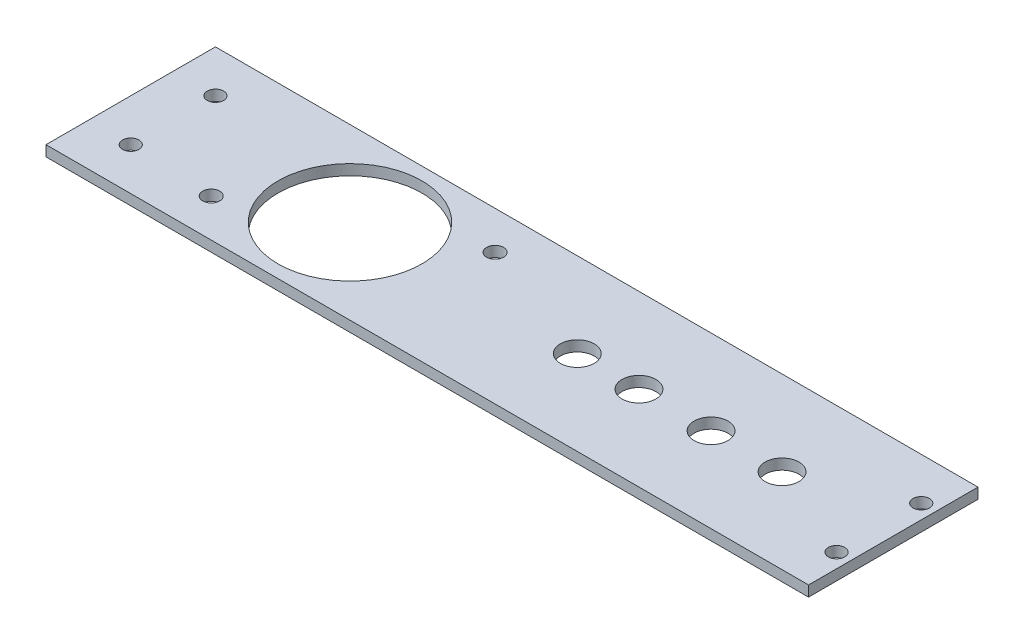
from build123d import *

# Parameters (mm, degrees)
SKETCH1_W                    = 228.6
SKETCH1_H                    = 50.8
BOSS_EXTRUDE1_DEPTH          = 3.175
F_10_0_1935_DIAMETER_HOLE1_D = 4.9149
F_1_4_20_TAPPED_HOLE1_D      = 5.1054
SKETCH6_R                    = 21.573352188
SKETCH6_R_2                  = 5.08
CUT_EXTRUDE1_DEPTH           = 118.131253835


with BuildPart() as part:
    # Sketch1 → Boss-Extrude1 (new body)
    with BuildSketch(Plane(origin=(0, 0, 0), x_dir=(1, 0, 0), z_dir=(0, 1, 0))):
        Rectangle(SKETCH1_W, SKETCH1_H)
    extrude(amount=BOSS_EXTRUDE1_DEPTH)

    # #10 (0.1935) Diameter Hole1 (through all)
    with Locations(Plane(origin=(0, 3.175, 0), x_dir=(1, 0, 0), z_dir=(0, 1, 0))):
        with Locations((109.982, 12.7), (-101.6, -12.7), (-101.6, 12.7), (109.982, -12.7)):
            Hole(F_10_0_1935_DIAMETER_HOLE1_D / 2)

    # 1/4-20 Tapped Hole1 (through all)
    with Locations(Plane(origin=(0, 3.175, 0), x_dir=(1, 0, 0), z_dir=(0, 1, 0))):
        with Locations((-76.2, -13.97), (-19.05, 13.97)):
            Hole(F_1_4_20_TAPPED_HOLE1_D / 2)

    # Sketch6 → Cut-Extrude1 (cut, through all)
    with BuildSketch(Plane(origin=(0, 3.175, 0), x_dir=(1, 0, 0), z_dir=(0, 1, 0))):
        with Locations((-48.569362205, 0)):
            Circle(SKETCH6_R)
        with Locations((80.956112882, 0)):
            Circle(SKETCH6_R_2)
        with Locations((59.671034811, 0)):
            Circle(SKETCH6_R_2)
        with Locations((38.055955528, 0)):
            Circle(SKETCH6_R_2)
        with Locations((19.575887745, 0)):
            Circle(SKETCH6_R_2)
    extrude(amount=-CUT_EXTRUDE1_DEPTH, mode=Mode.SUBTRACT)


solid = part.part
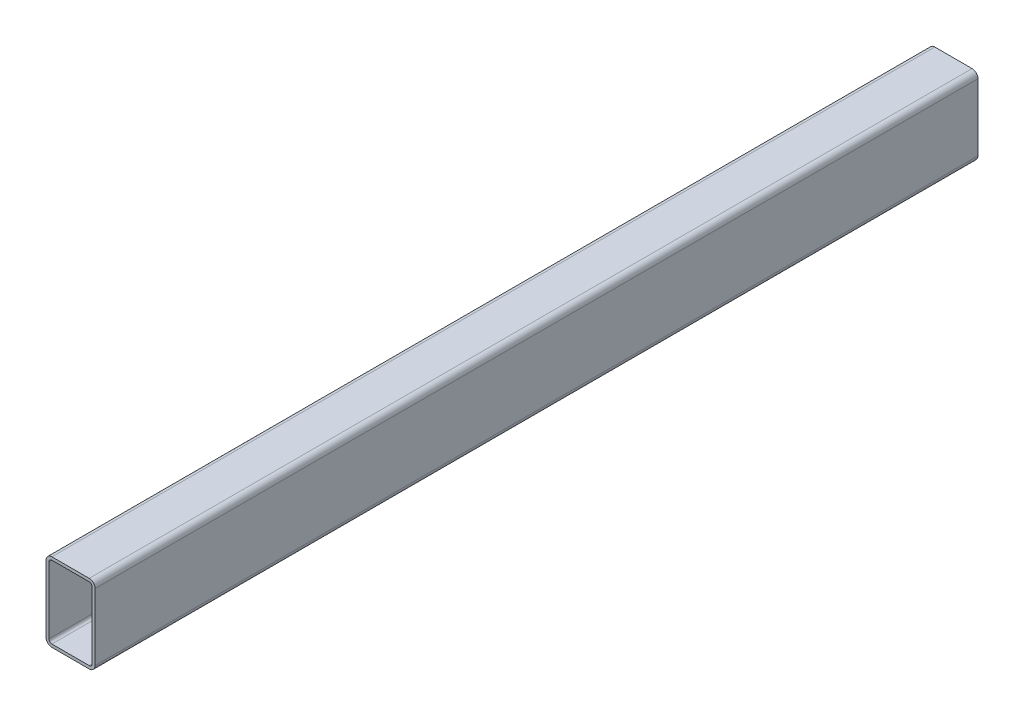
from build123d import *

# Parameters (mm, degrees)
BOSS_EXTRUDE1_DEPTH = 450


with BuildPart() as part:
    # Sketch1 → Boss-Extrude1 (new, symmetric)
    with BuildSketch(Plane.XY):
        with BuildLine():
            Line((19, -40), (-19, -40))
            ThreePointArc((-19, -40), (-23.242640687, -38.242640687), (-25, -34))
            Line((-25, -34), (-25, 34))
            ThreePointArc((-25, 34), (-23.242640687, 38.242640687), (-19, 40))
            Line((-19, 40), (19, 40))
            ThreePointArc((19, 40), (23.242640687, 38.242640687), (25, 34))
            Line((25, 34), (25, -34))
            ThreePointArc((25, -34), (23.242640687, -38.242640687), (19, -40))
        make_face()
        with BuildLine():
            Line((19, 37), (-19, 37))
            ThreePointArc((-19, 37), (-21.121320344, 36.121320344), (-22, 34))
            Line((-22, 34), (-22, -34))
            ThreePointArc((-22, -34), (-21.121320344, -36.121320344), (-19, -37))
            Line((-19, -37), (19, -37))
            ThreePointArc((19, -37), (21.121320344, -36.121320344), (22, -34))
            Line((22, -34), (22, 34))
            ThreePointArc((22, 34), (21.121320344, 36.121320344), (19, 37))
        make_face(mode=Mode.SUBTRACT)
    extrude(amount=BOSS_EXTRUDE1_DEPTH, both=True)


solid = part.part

--- --- ---

**Your task:**
Report each line of the records that holds the word "mode".

**Finished exercise:**
    extrude(amount=-CUT_EXTRUDE1_DEPTH, mode=Mode.SUBTRACT)
        make_face(mode=Mode.SUBTRACT)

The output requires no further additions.